Cadê a criatividade que estava aqui?

“Thinking differently, taking risks + changing the approach is the only way to be creatively modern and make a difference”.

Do twitter da @francasozzani

É bem clichê dizer que devemos ser como crianças, não é? Ontem, diferentes versões dessa frase apareceram na minha timeline do FB. Sinceridade, alegria, pureza… são atributos cada vez mais “infantis” no mundo moderno, e parece que quanto mais admiramos as crianças, mais longe estamos de ser como elas.

Hoje aproveito a data pra falar de mais uma característica que pra muita gente ficou limitada ao passado: a criatividade!

Invariavelmente, crianças são criativas. Se hoje você não se acha criativa, lembre-se de que um dia você já foi.
Um dia você já brincou com um rolo de papel higiênico como se fosse um bracelete com super-poderes ou colocou a roupa da Barbie pra “lavar” num toca-fita… (experiências pessoais. kkk)

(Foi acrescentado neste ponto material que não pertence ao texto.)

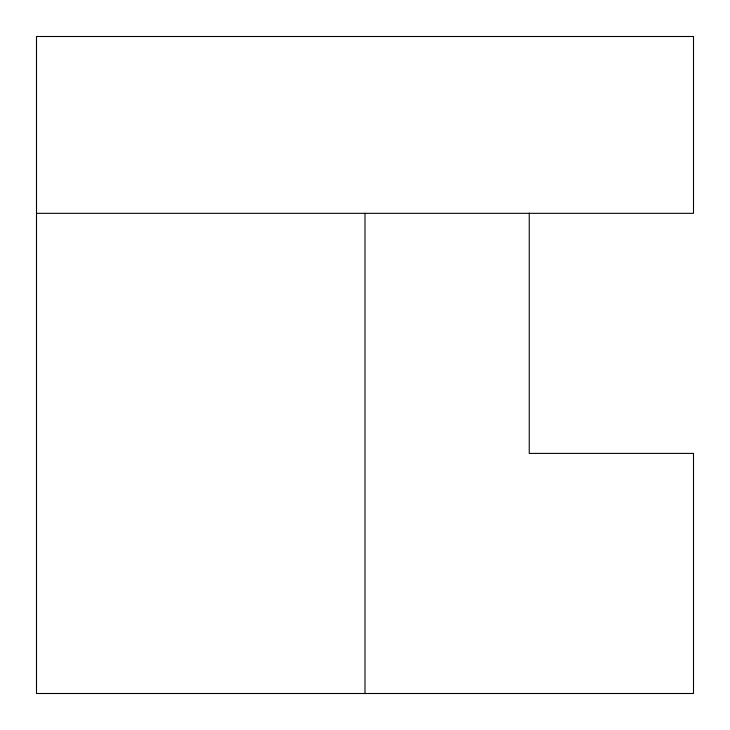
<?xml version="1.0" encoding="UTF-8"?>
<svg xmlns="http://www.w3.org/2000/svg" width="730" height="730" viewBox="0 0 730 730"><rect width="100%" height="100%" fill="white"/><g stroke="black" fill="none" stroke-linecap="round" stroke-linejoin="round"><path stroke-width="1.09" d="M36.5 213.333L693.5 213.333L693.5 36.5L36.5 36.5L36.5 693.5L693.5 693.5L693.5 453.412L529.25 453.412L529.25 213.06M365 213.333L365 693.5"/></g></svg>

Percebi que a criança vê além dos significados impostos às coisas. Ela atribui seus próprios significados aos objetos. Conforme o interesse e necessidade dela.
Aí ela cresce e os adultos a ensinam que carros só existem se tiverem 4 rodas, que eles não voam, nem nadam. Assim elas passam a “precisar” de um avião ou um submarino pra poderem continuar a brincadeira.

Agora, volta pro mundo adulto.
Se você entra numa loja, vê um vestido tomara que caia incrível, prova e acha lindo apesar de precisar de alguns poucos ajustes e então a vendedora diz: “ah, não… isso é uma saia!” E você frustrada e envergonhada devolve a peça e vai embora em busca do vestido perfeito.

Pára tudo!

Quem deu mais importância a coisas do que à sua vida, seus interesses e necessidades? Por que não experimentar as coisas dando a elas o significado que faz sentido pra você?
Somos incomparavelmente mais importantes do que as coisas que temos. Trabalhamos pra ter nosso dinheiro, somos nós quem manda no que ele compra e pra que serve o que compramos.
Objetos existem e são feitos para utilidade nossa e não o contrário.

Na minha casa saias viram blusas, canecas viram vasos de planta, louças bonitas (e tantas vezes pouco usadas na mesa) viram saboneteiras. E assim eu me cerco de objetos que realmente têm utilidade na minha vida, que me proporcionam um visual único e me libertam de ter que comprar coisas novas muitas vezes.

Que tal parar de cumprir os mandamentos que a propaganda, a mídia e a sociedade nos impõe a respeito de coisas e começar a dar significado novo ao que está parado na nossa casa?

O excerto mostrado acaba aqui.